TASK OBJECTIVE -> Once the line containing "#50=AXIS2_PLACEMENT_3D('',#47,#48,#49);" is found in the records below, return it and each following line exactly, up to and including the line containing "#73=VECTOR('',#72,1.);", and nothing else.
[[ GIVEN RECORDS open ]]
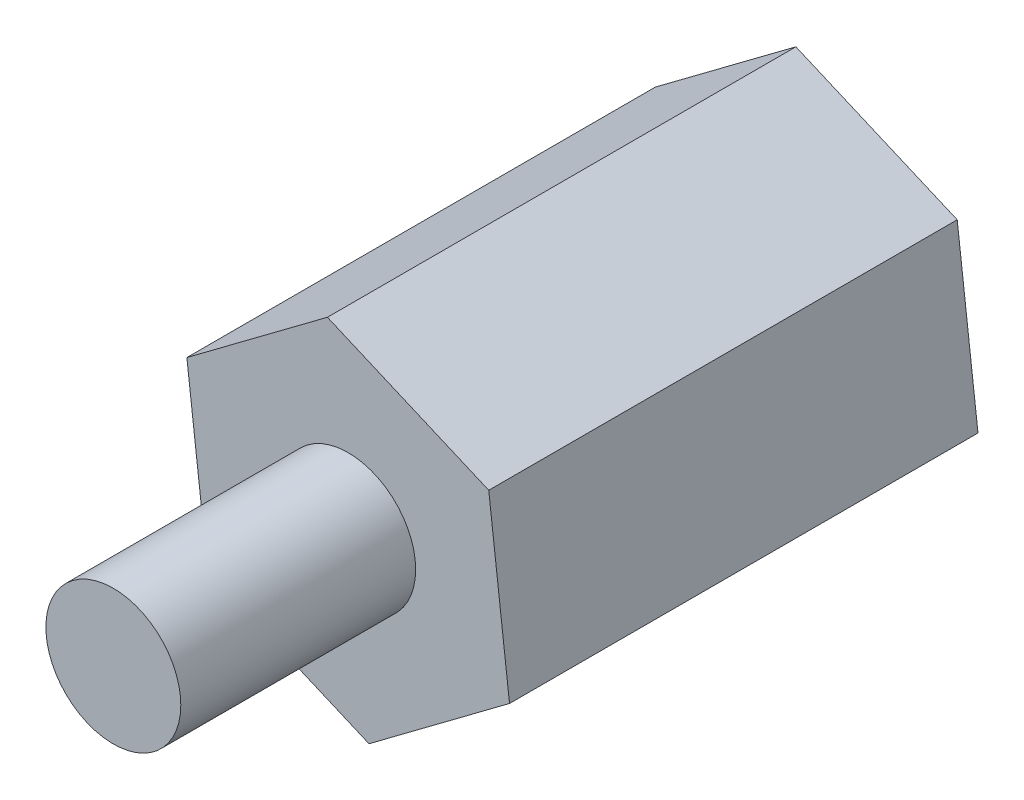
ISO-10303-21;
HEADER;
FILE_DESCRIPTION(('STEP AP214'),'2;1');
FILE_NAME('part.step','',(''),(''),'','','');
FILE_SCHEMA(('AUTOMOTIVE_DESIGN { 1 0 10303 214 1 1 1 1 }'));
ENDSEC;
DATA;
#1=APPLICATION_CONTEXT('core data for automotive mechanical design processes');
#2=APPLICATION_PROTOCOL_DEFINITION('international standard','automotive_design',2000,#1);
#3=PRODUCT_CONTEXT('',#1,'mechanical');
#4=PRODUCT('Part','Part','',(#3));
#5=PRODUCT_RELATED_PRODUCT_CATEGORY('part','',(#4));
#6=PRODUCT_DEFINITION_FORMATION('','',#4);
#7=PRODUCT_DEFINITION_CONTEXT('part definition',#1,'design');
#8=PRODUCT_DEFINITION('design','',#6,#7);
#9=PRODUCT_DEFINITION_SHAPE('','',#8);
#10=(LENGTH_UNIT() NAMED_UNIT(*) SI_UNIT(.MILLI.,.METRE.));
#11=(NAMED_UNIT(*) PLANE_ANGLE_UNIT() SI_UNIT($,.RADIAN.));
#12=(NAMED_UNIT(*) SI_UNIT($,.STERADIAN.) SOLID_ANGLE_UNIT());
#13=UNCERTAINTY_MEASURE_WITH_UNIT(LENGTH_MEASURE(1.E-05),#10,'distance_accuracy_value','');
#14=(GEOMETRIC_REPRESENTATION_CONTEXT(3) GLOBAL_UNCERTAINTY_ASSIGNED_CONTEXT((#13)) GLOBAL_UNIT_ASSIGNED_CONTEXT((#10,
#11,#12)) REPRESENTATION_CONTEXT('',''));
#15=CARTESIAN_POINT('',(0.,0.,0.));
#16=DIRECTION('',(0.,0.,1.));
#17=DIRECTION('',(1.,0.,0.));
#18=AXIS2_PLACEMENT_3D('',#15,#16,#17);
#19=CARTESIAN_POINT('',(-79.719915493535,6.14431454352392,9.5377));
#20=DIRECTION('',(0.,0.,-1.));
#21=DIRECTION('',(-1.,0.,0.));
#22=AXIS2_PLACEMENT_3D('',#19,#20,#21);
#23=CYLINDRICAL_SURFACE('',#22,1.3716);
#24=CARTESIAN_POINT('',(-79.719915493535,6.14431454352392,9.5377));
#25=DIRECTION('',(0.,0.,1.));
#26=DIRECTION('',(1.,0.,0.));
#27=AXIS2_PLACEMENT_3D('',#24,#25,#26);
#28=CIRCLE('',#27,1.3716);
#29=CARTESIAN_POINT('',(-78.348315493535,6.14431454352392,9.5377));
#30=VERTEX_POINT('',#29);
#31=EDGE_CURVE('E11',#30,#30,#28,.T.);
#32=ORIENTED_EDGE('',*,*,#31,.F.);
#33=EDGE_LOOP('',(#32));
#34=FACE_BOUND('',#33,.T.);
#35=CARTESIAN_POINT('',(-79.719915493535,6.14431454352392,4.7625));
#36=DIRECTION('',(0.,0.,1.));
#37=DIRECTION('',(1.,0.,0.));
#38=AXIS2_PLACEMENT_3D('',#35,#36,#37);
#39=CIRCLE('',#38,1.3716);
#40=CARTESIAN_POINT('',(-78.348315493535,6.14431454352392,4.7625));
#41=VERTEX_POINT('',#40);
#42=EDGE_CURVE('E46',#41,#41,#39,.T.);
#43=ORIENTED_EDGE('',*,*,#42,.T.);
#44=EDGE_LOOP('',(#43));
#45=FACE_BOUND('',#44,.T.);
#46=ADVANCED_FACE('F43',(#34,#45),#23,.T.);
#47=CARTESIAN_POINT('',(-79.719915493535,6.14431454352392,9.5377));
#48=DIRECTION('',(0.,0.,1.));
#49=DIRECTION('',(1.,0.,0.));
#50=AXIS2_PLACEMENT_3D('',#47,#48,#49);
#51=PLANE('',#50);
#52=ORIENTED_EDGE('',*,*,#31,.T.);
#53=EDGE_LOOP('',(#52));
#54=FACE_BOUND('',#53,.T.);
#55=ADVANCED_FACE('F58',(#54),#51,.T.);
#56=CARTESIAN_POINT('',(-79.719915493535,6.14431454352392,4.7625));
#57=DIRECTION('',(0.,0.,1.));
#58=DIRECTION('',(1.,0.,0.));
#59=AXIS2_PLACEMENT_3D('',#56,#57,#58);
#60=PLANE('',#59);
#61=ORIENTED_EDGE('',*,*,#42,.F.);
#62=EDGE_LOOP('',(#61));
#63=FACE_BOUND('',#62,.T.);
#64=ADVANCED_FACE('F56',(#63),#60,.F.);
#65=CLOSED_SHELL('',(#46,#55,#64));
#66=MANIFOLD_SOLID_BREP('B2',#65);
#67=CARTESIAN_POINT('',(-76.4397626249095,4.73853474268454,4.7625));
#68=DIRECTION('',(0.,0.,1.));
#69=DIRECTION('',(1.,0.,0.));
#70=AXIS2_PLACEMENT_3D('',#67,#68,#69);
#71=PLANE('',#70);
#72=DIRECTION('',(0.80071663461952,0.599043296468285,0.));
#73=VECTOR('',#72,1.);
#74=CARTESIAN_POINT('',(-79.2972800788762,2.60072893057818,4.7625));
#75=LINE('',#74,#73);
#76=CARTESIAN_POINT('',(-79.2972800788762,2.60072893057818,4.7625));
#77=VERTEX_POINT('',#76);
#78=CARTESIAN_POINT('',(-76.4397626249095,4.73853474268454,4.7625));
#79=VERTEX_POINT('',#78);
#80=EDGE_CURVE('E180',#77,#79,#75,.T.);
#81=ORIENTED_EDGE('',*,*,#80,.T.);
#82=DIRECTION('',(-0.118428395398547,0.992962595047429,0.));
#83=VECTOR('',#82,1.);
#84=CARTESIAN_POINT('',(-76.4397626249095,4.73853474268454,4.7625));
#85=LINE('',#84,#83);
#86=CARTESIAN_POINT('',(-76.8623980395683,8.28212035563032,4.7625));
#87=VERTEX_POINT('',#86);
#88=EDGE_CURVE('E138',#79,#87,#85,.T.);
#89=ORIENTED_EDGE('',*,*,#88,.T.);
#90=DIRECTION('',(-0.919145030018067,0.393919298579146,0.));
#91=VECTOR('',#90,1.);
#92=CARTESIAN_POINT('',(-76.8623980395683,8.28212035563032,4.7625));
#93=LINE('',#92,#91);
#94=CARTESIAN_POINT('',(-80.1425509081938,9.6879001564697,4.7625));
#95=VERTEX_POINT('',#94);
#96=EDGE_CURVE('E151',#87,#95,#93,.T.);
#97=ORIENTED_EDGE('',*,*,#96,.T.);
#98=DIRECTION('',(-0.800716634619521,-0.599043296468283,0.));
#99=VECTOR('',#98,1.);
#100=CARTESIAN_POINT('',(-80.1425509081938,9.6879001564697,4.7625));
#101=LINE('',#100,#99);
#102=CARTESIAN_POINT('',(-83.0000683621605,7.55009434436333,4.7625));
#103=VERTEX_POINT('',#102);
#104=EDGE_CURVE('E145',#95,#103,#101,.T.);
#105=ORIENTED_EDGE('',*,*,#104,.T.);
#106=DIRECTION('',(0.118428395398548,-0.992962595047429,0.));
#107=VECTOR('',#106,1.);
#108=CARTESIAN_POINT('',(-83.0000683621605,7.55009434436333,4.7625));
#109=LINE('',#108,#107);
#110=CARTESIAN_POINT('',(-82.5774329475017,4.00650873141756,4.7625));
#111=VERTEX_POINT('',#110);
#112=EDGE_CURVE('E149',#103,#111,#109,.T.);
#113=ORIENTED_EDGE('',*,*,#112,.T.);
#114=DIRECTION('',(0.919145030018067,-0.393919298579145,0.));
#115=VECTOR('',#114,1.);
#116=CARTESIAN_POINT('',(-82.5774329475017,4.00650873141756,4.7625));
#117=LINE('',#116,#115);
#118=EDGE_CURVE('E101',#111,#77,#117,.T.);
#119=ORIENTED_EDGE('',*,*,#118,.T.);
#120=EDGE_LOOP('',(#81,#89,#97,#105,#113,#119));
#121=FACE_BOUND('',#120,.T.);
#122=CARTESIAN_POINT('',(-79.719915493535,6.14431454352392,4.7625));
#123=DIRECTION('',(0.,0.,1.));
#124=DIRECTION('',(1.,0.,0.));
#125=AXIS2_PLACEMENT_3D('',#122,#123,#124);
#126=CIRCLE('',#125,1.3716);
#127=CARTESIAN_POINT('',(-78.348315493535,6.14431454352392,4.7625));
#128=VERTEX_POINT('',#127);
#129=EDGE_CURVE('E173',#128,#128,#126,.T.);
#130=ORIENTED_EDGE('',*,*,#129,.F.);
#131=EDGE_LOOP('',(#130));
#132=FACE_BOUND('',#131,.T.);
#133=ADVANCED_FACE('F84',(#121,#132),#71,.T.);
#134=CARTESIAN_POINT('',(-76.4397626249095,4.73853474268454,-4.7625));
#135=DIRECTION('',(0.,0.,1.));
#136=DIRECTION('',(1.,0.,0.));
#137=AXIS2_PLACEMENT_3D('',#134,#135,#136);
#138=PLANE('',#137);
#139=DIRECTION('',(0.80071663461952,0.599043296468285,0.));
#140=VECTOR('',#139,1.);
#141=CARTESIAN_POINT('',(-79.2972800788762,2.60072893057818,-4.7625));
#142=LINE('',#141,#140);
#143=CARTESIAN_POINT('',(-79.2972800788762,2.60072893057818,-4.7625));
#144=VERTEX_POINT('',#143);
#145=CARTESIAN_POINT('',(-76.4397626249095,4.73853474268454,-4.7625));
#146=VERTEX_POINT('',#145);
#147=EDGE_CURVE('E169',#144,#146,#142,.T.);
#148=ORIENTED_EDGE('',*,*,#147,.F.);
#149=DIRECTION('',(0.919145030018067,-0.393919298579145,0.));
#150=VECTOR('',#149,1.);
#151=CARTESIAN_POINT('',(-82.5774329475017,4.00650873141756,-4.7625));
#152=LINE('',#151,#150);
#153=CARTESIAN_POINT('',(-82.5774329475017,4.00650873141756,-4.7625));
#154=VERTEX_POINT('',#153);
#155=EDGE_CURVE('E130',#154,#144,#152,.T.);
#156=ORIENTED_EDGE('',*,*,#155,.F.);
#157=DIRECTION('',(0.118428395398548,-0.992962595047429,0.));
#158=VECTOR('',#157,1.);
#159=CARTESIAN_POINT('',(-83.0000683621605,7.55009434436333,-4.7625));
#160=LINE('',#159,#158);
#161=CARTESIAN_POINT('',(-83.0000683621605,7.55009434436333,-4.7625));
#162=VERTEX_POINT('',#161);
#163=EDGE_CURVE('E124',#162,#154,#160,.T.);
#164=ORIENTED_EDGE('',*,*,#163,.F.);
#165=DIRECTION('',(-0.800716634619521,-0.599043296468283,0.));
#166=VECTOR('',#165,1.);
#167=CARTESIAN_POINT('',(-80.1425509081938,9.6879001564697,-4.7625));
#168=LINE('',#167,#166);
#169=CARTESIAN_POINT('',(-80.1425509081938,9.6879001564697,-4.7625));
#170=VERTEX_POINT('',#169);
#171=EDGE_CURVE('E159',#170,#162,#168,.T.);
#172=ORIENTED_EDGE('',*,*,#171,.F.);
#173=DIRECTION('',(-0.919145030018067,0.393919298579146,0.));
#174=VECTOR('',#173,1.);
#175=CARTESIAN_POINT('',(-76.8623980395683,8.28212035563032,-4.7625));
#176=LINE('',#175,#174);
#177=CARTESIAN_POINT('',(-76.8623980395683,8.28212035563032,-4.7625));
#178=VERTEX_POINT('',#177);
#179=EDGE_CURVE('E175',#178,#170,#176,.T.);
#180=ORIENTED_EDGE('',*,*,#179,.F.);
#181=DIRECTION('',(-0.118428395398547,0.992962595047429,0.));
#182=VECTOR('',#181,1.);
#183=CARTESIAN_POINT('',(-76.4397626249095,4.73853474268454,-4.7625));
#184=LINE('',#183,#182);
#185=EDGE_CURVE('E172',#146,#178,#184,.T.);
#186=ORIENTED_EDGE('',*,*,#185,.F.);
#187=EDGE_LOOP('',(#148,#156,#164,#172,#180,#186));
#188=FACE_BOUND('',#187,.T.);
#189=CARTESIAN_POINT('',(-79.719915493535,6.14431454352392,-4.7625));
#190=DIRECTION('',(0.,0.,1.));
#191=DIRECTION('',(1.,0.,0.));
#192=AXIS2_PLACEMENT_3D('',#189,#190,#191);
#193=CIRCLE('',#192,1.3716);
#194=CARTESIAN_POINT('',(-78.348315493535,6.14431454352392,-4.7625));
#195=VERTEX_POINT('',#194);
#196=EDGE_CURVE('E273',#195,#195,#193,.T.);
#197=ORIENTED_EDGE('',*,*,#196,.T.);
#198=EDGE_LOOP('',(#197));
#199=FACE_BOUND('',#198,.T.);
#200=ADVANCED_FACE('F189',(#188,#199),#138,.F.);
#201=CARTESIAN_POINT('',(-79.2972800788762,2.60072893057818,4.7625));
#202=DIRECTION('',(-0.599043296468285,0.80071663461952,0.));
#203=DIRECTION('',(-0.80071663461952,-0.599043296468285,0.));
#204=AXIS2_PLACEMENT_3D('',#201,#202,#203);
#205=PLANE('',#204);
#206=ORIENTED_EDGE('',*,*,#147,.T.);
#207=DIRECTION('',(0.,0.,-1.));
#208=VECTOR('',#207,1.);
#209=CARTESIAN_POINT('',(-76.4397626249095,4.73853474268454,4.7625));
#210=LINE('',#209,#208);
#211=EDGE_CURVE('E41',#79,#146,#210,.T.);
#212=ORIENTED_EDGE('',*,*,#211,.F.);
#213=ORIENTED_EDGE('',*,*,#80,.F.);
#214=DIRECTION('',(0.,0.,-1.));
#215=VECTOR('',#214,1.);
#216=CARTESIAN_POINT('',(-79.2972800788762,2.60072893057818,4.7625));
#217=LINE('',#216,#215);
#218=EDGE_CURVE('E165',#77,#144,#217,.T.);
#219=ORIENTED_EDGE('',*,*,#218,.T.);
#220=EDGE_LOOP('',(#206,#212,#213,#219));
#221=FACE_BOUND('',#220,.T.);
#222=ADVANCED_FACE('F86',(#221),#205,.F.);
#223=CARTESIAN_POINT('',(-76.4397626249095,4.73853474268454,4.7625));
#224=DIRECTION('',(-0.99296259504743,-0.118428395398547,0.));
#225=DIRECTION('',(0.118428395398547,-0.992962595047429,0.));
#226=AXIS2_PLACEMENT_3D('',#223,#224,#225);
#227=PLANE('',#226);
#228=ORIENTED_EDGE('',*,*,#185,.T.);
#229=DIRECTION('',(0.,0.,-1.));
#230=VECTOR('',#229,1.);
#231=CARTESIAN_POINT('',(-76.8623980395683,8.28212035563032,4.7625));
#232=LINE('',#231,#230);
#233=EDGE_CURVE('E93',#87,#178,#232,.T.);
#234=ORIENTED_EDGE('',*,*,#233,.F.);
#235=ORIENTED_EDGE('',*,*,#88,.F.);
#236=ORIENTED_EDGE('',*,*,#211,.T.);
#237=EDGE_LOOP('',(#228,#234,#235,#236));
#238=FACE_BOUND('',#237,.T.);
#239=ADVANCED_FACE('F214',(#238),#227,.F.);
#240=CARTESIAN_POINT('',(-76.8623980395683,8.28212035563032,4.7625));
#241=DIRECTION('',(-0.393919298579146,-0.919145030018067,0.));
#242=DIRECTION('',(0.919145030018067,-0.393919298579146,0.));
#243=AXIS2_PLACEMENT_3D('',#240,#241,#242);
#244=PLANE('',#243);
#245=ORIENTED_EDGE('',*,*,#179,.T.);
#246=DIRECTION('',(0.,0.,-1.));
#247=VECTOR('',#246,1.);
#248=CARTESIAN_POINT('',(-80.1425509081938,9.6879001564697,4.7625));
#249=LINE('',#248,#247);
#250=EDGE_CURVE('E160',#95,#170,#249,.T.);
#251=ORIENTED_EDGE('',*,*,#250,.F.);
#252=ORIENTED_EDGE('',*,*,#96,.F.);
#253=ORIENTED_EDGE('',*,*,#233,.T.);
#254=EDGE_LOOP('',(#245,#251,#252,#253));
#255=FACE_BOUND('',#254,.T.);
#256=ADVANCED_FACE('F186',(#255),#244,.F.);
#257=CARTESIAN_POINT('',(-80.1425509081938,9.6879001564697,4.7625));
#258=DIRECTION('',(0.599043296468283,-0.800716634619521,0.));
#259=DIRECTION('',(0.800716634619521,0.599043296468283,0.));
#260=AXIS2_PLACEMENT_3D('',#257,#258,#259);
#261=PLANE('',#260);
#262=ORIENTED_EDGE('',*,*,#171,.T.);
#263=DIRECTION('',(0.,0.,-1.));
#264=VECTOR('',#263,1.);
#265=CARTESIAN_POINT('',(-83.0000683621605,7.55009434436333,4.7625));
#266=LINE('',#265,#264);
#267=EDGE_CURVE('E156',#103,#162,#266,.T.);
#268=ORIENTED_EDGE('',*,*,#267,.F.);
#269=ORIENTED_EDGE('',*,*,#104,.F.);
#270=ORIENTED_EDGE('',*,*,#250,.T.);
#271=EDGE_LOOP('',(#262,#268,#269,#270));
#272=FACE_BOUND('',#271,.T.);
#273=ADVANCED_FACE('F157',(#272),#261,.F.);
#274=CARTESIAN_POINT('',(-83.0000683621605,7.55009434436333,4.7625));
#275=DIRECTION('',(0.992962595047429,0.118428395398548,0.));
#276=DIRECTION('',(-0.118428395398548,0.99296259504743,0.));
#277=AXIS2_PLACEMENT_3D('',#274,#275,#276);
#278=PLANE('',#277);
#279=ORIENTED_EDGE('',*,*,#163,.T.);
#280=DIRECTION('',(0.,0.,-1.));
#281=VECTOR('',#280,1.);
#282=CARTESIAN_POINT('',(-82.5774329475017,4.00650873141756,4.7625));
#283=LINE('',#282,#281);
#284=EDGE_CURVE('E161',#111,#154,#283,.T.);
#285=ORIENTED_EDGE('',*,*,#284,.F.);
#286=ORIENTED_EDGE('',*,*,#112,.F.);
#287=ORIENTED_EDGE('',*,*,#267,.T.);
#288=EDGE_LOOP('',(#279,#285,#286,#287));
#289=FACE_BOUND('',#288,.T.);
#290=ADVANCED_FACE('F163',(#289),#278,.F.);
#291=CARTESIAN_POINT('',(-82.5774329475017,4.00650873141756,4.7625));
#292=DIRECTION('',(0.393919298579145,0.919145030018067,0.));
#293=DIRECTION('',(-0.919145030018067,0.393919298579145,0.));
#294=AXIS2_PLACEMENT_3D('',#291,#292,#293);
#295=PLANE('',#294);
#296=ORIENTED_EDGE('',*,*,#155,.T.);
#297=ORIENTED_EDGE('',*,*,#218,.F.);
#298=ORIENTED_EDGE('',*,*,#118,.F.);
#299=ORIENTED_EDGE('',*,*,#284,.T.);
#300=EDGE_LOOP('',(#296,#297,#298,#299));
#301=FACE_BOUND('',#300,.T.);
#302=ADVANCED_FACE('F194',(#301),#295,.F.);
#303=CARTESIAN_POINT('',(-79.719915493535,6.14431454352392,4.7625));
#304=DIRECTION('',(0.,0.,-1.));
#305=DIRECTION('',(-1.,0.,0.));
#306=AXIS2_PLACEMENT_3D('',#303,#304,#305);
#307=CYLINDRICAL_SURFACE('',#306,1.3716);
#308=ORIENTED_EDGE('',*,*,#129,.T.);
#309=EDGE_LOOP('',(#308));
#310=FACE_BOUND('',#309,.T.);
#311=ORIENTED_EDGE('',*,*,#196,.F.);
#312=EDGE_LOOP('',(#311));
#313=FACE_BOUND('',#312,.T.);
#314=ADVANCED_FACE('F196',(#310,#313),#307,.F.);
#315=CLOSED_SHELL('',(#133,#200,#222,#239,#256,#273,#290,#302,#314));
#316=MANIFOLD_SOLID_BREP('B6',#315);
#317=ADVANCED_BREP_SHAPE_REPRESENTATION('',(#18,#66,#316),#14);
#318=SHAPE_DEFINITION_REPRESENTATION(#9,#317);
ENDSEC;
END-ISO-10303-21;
[[ GIVEN RECORDS closed ]]
RESPONSE TO THIS EXERCISE ->
#50=AXIS2_PLACEMENT_3D('',#47,#48,#49);
#51=PLANE('',#50);
#52=ORIENTED_EDGE('',*,*,#31,.T.);
#53=EDGE_LOOP('',(#52));
#54=FACE_BOUND('',#53,.T.);
#55=ADVANCED_FACE('F58',(#54),#51,.T.);
#56=CARTESIAN_POINT('',(-79.719915493535,6.14431454352392,4.7625));
#57=DIRECTION('',(0.,0.,1.));
#58=DIRECTION('',(1.,0.,0.));
#59=AXIS2_PLACEMENT_3D('',#56,#57,#58);
#60=PLANE('',#59);
#61=ORIENTED_EDGE('',*,*,#42,.F.);
#62=EDGE_LOOP('',(#61));
#63=FACE_BOUND('',#62,.T.);
#64=ADVANCED_FACE('F56',(#63),#60,.F.);
#65=CLOSED_SHELL('',(#46,#55,#64));
#66=MANIFOLD_SOLID_BREP('B2',#65);
#67=CARTESIAN_POINT('',(-76.4397626249095,4.73853474268454,4.7625));
#68=DIRECTION('',(0.,0.,1.));
#69=DIRECTION('',(1.,0.,0.));
#70=AXIS2_PLACEMENT_3D('',#67,#68,#69);
#71=PLANE('',#70);
#72=DIRECTION('',(0.80071663461952,0.599043296468285,0.));
#73=VECTOR('',#72,1.);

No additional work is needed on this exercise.